▸ Listed entries:
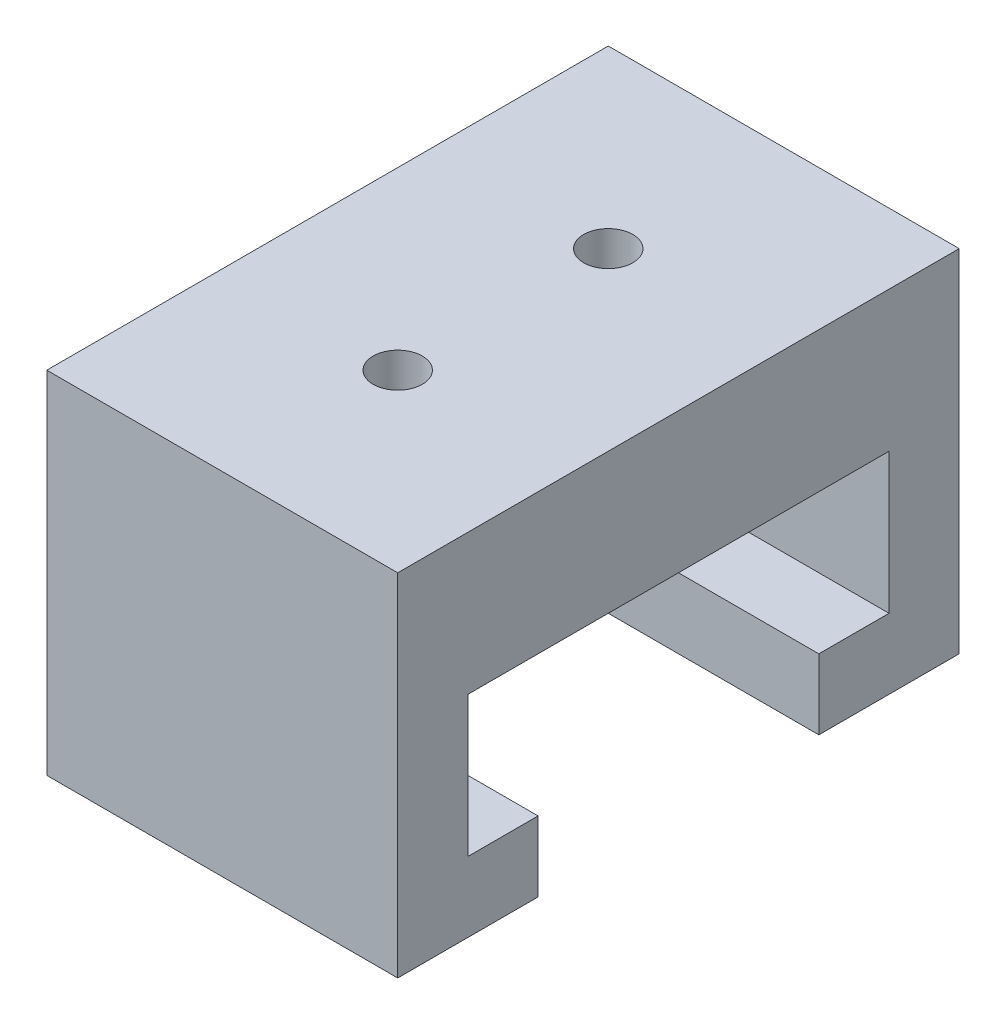
ISO-10303-21;
HEADER;
FILE_DESCRIPTION(('STEP AP214'),'2;1');
FILE_NAME('part.step','',(''),(''),'','','');
FILE_SCHEMA(('AUTOMOTIVE_DESIGN { 1 0 10303 214 1 1 1 1 }'));
ENDSEC;
DATA;
#1=APPLICATION_CONTEXT('core data for automotive mechanical design processes');
#2=APPLICATION_PROTOCOL_DEFINITION('international standard','automotive_design',2000,#1);
#3=PRODUCT_CONTEXT('',#1,'mechanical');
#4=PRODUCT('Part','Part','',(#3));
#5=PRODUCT_RELATED_PRODUCT_CATEGORY('part','',(#4));
#6=PRODUCT_DEFINITION_FORMATION('','',#4);
#7=PRODUCT_DEFINITION_CONTEXT('part definition',#1,'design');
#8=PRODUCT_DEFINITION('design','',#6,#7);
#9=PRODUCT_DEFINITION_SHAPE('','',#8);
#10=(LENGTH_UNIT() NAMED_UNIT(*) SI_UNIT(.MILLI.,.METRE.));
#11=(NAMED_UNIT(*) PLANE_ANGLE_UNIT() SI_UNIT($,.RADIAN.));
#12=(NAMED_UNIT(*) SI_UNIT($,.STERADIAN.) SOLID_ANGLE_UNIT());
#13=UNCERTAINTY_MEASURE_WITH_UNIT(LENGTH_MEASURE(1.E-05),#10,'distance_accuracy_value','');
#14=(GEOMETRIC_REPRESENTATION_CONTEXT(3) GLOBAL_UNCERTAINTY_ASSIGNED_CONTEXT((#13)) GLOBAL_UNIT_ASSIGNED_CONTEXT((#10,
#11,#12)) REPRESENTATION_CONTEXT('',''));
#15=CARTESIAN_POINT('',(0.,0.,0.));
#16=DIRECTION('',(0.,0.,1.));
#17=DIRECTION('',(1.,0.,0.));
#18=AXIS2_PLACEMENT_3D('',#15,#16,#17);
#19=CARTESIAN_POINT('',(62.5,-133.,21.25));
#20=DIRECTION('',(0.,-1.,0.));
#21=DIRECTION('',(0.,0.,-1.));
#22=AXIS2_PLACEMENT_3D('',#19,#20,#21);
#23=CYLINDRICAL_SURFACE('',#22,1.75);
#24=CARTESIAN_POINT('',(62.5,-150.,21.25));
#25=DIRECTION('',(0.,1.,0.));
#26=DIRECTION('',(0.,0.,1.));
#27=AXIS2_PLACEMENT_3D('',#24,#25,#26);
#28=CIRCLE('',#27,1.75);
#29=CARTESIAN_POINT('',(62.5,-150.,23.));
#30=VERTEX_POINT('',#29);
#31=EDGE_CURVE('E223',#30,#30,#28,.T.);
#32=ORIENTED_EDGE('',*,*,#31,.T.);
#33=EDGE_LOOP('',(#32));
#34=FACE_BOUND('',#33,.T.);
#35=CARTESIAN_POINT('',(62.5,-155.,21.25));
#36=DIRECTION('',(0.,-1.,0.));
#37=DIRECTION('',(0.,0.,-1.));
#38=AXIS2_PLACEMENT_3D('',#35,#36,#37);
#39=CIRCLE('',#38,1.75);
#40=CARTESIAN_POINT('',(62.5,-155.,19.5));
#41=VERTEX_POINT('',#40);
#42=EDGE_CURVE('E47',#41,#41,#39,.F.);
#43=ORIENTED_EDGE('',*,*,#42,.F.);
#44=EDGE_LOOP('',(#43));
#45=FACE_BOUND('',#44,.T.);
#46=ADVANCED_FACE('F43',(#34,#45),#23,.F.);
#47=CARTESIAN_POINT('',(62.5,-133.,36.25));
#48=DIRECTION('',(0.,-1.,0.));
#49=DIRECTION('',(0.,0.,-1.));
#50=AXIS2_PLACEMENT_3D('',#47,#48,#49);
#51=CYLINDRICAL_SURFACE('',#50,1.75);
#52=CARTESIAN_POINT('',(62.5,-150.,36.25));
#53=DIRECTION('',(0.,1.,0.));
#54=DIRECTION('',(0.,0.,1.));
#55=AXIS2_PLACEMENT_3D('',#52,#53,#54);
#56=CIRCLE('',#55,1.75);
#57=CARTESIAN_POINT('',(62.5,-150.,38.));
#58=VERTEX_POINT('',#57);
#59=EDGE_CURVE('E170',#58,#58,#56,.T.);
#60=ORIENTED_EDGE('',*,*,#59,.T.);
#61=EDGE_LOOP('',(#60));
#62=FACE_BOUND('',#61,.T.);
#63=CARTESIAN_POINT('',(62.5,-155.,36.25));
#64=DIRECTION('',(0.,-1.,0.));
#65=DIRECTION('',(0.,0.,-1.));
#66=AXIS2_PLACEMENT_3D('',#63,#64,#65);
#67=CIRCLE('',#66,1.75);
#68=CARTESIAN_POINT('',(62.5,-155.,34.5));
#69=VERTEX_POINT('',#68);
#70=EDGE_CURVE('E217',#69,#69,#67,.F.);
#71=ORIENTED_EDGE('',*,*,#70,.F.);
#72=EDGE_LOOP('',(#71));
#73=FACE_BOUND('',#72,.T.);
#74=ADVANCED_FACE('F298',(#62,#73),#51,.F.);
#75=CARTESIAN_POINT('',(50.,-175.,48.75));
#76=DIRECTION('',(0.,-1.,0.));
#77=DIRECTION('',(0.,0.,-1.));
#78=AXIS2_PLACEMENT_3D('',#75,#76,#77);
#79=PLANE('',#78);
#80=DIRECTION('',(0.,0.,-1.));
#81=VECTOR('',#80,1.);
#82=CARTESIAN_POINT('',(75.,-175.,48.75));
#83=LINE('',#82,#81);
#84=CARTESIAN_POINT('',(75.,-175.,48.75));
#85=VERTEX_POINT('',#84);
#86=CARTESIAN_POINT('',(75.,-175.,38.75));
#87=VERTEX_POINT('',#86);
#88=EDGE_CURVE('E166',#85,#87,#83,.T.);
#89=ORIENTED_EDGE('',*,*,#88,.F.);
#90=DIRECTION('',(1.,0.,0.));
#91=VECTOR('',#90,1.);
#92=CARTESIAN_POINT('',(50.,-175.,48.75));
#93=LINE('',#92,#91);
#94=CARTESIAN_POINT('',(50.,-175.,48.75));
#95=VERTEX_POINT('',#94);
#96=EDGE_CURVE('E11',#95,#85,#93,.T.);
#97=ORIENTED_EDGE('',*,*,#96,.F.);
#98=DIRECTION('',(0.,0.,-1.));
#99=VECTOR('',#98,1.);
#100=CARTESIAN_POINT('',(50.,-175.,48.75));
#101=LINE('',#100,#99);
#102=CARTESIAN_POINT('',(50.,-175.,38.75));
#103=VERTEX_POINT('',#102);
#104=EDGE_CURVE('E199',#95,#103,#101,.T.);
#105=ORIENTED_EDGE('',*,*,#104,.T.);
#106=DIRECTION('',(1.,0.,0.));
#107=VECTOR('',#106,1.);
#108=CARTESIAN_POINT('',(50.,-175.,38.75));
#109=LINE('',#108,#107);
#110=EDGE_CURVE('E112',#103,#87,#109,.T.);
#111=ORIENTED_EDGE('',*,*,#110,.T.);
#112=EDGE_LOOP('',(#89,#97,#105,#111));
#113=FACE_BOUND('',#112,.T.);
#114=ADVANCED_FACE('F45',(#113),#79,.T.);
#115=CARTESIAN_POINT('',(50.,-150.,48.75));
#116=DIRECTION('',(0.,0.,1.));
#117=DIRECTION('',(1.,0.,0.));
#118=AXIS2_PLACEMENT_3D('',#115,#116,#117);
#119=PLANE('',#118);
#120=DIRECTION('',(0.,-1.,0.));
#121=VECTOR('',#120,1.);
#122=CARTESIAN_POINT('',(75.,-150.,48.75));
#123=LINE('',#122,#121);
#124=CARTESIAN_POINT('',(75.,-150.,48.75));
#125=VERTEX_POINT('',#124);
#126=EDGE_CURVE('E197',#125,#85,#123,.T.);
#127=ORIENTED_EDGE('',*,*,#126,.F.);
#128=DIRECTION('',(1.,0.,0.));
#129=VECTOR('',#128,1.);
#130=CARTESIAN_POINT('',(50.,-150.,48.75));
#131=LINE('',#130,#129);
#132=CARTESIAN_POINT('',(50.,-150.,48.75));
#133=VERTEX_POINT('',#132);
#134=EDGE_CURVE('E53',#133,#125,#131,.T.);
#135=ORIENTED_EDGE('',*,*,#134,.F.);
#136=DIRECTION('',(0.,-1.,0.));
#137=VECTOR('',#136,1.);
#138=CARTESIAN_POINT('',(50.,-150.,48.75));
#139=LINE('',#138,#137);
#140=EDGE_CURVE('E156',#133,#95,#139,.T.);
#141=ORIENTED_EDGE('',*,*,#140,.T.);
#142=ORIENTED_EDGE('',*,*,#96,.T.);
#143=EDGE_LOOP('',(#127,#135,#141,#142));
#144=FACE_BOUND('',#143,.T.);
#145=ADVANCED_FACE('F288',(#144),#119,.T.);
#146=CARTESIAN_POINT('',(50.,-150.,8.74999999999997));
#147=DIRECTION('',(0.,1.,0.));
#148=DIRECTION('',(0.,0.,1.));
#149=AXIS2_PLACEMENT_3D('',#146,#147,#148);
#150=PLANE('',#149);
#151=ORIENTED_EDGE('',*,*,#59,.F.);
#152=EDGE_LOOP('',(#151));
#153=FACE_BOUND('',#152,.T.);
#154=ORIENTED_EDGE('',*,*,#31,.F.);
#155=EDGE_LOOP('',(#154));
#156=FACE_BOUND('',#155,.T.);
#157=DIRECTION('',(0.,0.,1.));
#158=VECTOR('',#157,1.);
#159=CARTESIAN_POINT('',(75.,-150.,8.74999999999997));
#160=LINE('',#159,#158);
#161=CARTESIAN_POINT('',(75.,-150.,8.74999999999997));
#162=VERTEX_POINT('',#161);
#163=EDGE_CURVE('E143',#162,#125,#160,.T.);
#164=ORIENTED_EDGE('',*,*,#163,.F.);
#165=DIRECTION('',(1.,0.,0.));
#166=VECTOR('',#165,1.);
#167=CARTESIAN_POINT('',(50.,-150.,8.74999999999997));
#168=LINE('',#167,#166);
#169=CARTESIAN_POINT('',(50.,-150.,8.74999999999997));
#170=VERTEX_POINT('',#169);
#171=EDGE_CURVE('E138',#170,#162,#168,.T.);
#172=ORIENTED_EDGE('',*,*,#171,.F.);
#173=DIRECTION('',(0.,0.,1.));
#174=VECTOR('',#173,1.);
#175=CARTESIAN_POINT('',(50.,-150.,8.74999999999997));
#176=LINE('',#175,#174);
#177=EDGE_CURVE('E141',#170,#133,#176,.T.);
#178=ORIENTED_EDGE('',*,*,#177,.T.);
#179=ORIENTED_EDGE('',*,*,#134,.T.);
#180=EDGE_LOOP('',(#164,#172,#178,#179));
#181=FACE_BOUND('',#180,.T.);
#182=ADVANCED_FACE('F140',(#153,#156,#181),#150,.T.);
#183=CARTESIAN_POINT('',(50.,-175.,8.74999999999997));
#184=DIRECTION('',(0.,0.,-1.));
#185=DIRECTION('',(-1.,0.,0.));
#186=AXIS2_PLACEMENT_3D('',#183,#184,#185);
#187=PLANE('',#186);
#188=DIRECTION('',(0.,1.,0.));
#189=VECTOR('',#188,1.);
#190=CARTESIAN_POINT('',(75.,-175.,8.74999999999997));
#191=LINE('',#190,#189);
#192=CARTESIAN_POINT('',(75.,-175.,8.74999999999997));
#193=VERTEX_POINT('',#192);
#194=EDGE_CURVE('E194',#193,#162,#191,.T.);
#195=ORIENTED_EDGE('',*,*,#194,.F.);
#196=DIRECTION('',(1.,0.,0.));
#197=VECTOR('',#196,1.);
#198=CARTESIAN_POINT('',(50.,-175.,8.74999999999997));
#199=LINE('',#198,#197);
#200=CARTESIAN_POINT('',(50.,-175.,8.74999999999997));
#201=VERTEX_POINT('',#200);
#202=EDGE_CURVE('E148',#201,#193,#199,.T.);
#203=ORIENTED_EDGE('',*,*,#202,.F.);
#204=DIRECTION('',(0.,1.,0.));
#205=VECTOR('',#204,1.);
#206=CARTESIAN_POINT('',(50.,-175.,8.74999999999997));
#207=LINE('',#206,#205);
#208=EDGE_CURVE('E154',#201,#170,#207,.T.);
#209=ORIENTED_EDGE('',*,*,#208,.T.);
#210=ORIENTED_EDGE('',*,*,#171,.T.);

▸ Problem: The lines to extract from the data above begin with the line containing "#30=VERTEX_POINT('',#29);" and end with the line containing "#94=CARTESIAN_POINT('',(50.,-175.,48.75));". Extract them exactly, including both.

▸ Result:
#30=VERTEX_POINT('',#29);
#31=EDGE_CURVE('E223',#30,#30,#28,.T.);
#32=ORIENTED_EDGE('',*,*,#31,.T.);
#33=EDGE_LOOP('',(#32));
#34=FACE_BOUND('',#33,.T.);
#35=CARTESIAN_POINT('',(62.5,-155.,21.25));
#36=DIRECTION('',(0.,-1.,0.));
#37=DIRECTION('',(0.,0.,-1.));
#38=AXIS2_PLACEMENT_3D('',#35,#36,#37);
#39=CIRCLE('',#38,1.75);
#40=CARTESIAN_POINT('',(62.5,-155.,19.5));
#41=VERTEX_POINT('',#40);
#42=EDGE_CURVE('E47',#41,#41,#39,.F.);
#43=ORIENTED_EDGE('',*,*,#42,.F.);
#44=EDGE_LOOP('',(#43));
#45=FACE_BOUND('',#44,.T.);
#46=ADVANCED_FACE('F43',(#34,#45),#23,.F.);
#47=CARTESIAN_POINT('',(62.5,-133.,36.25));
#48=DIRECTION('',(0.,-1.,0.));
#49=DIRECTION('',(0.,0.,-1.));
#50=AXIS2_PLACEMENT_3D('',#47,#48,#49);
#51=CYLINDRICAL_SURFACE('',#50,1.75);
#52=CARTESIAN_POINT('',(62.5,-150.,36.25));
#53=DIRECTION('',(0.,1.,0.));
#54=DIRECTION('',(0.,0.,1.));
#55=AXIS2_PLACEMENT_3D('',#52,#53,#54);
#56=CIRCLE('',#55,1.75);
#57=CARTESIAN_POINT('',(62.5,-150.,38.));
#58=VERTEX_POINT('',#57);
#59=EDGE_CURVE('E170',#58,#58,#56,.T.);
#60=ORIENTED_EDGE('',*,*,#59,.T.);
#61=EDGE_LOOP('',(#60));
#62=FACE_BOUND('',#61,.T.);
#63=CARTESIAN_POINT('',(62.5,-155.,36.25));
#64=DIRECTION('',(0.,-1.,0.));
#65=DIRECTION('',(0.,0.,-1.));
#66=AXIS2_PLACEMENT_3D('',#63,#64,#65);
#67=CIRCLE('',#66,1.75);
#68=CARTESIAN_POINT('',(62.5,-155.,34.5));
#69=VERTEX_POINT('',#68);
#70=EDGE_CURVE('E217',#69,#69,#67,.F.);
#71=ORIENTED_EDGE('',*,*,#70,.F.);
#72=EDGE_LOOP('',(#71));
#73=FACE_BOUND('',#72,.T.);
#74=ADVANCED_FACE('F298',(#62,#73),#51,.F.);
#75=CARTESIAN_POINT('',(50.,-175.,48.75));
#76=DIRECTION('',(0.,-1.,0.));
#77=DIRECTION('',(0.,0.,-1.));
#78=AXIS2_PLACEMENT_3D('',#75,#76,#77);
#79=PLANE('',#78);
#80=DIRECTION('',(0.,0.,-1.));
#81=VECTOR('',#80,1.);
#82=CARTESIAN_POINT('',(75.,-175.,48.75));
#83=LINE('',#82,#81);
#84=CARTESIAN_POINT('',(75.,-175.,48.75));
#85=VERTEX_POINT('',#84);
#86=CARTESIAN_POINT('',(75.,-175.,38.75));
#87=VERTEX_POINT('',#86);
#88=EDGE_CURVE('E166',#85,#87,#83,.T.);
#89=ORIENTED_EDGE('',*,*,#88,.F.);
#90=DIRECTION('',(1.,0.,0.));
#91=VECTOR('',#90,1.);
#92=CARTESIAN_POINT('',(50.,-175.,48.75));
#93=LINE('',#92,#91);
#94=CARTESIAN_POINT('',(50.,-175.,48.75));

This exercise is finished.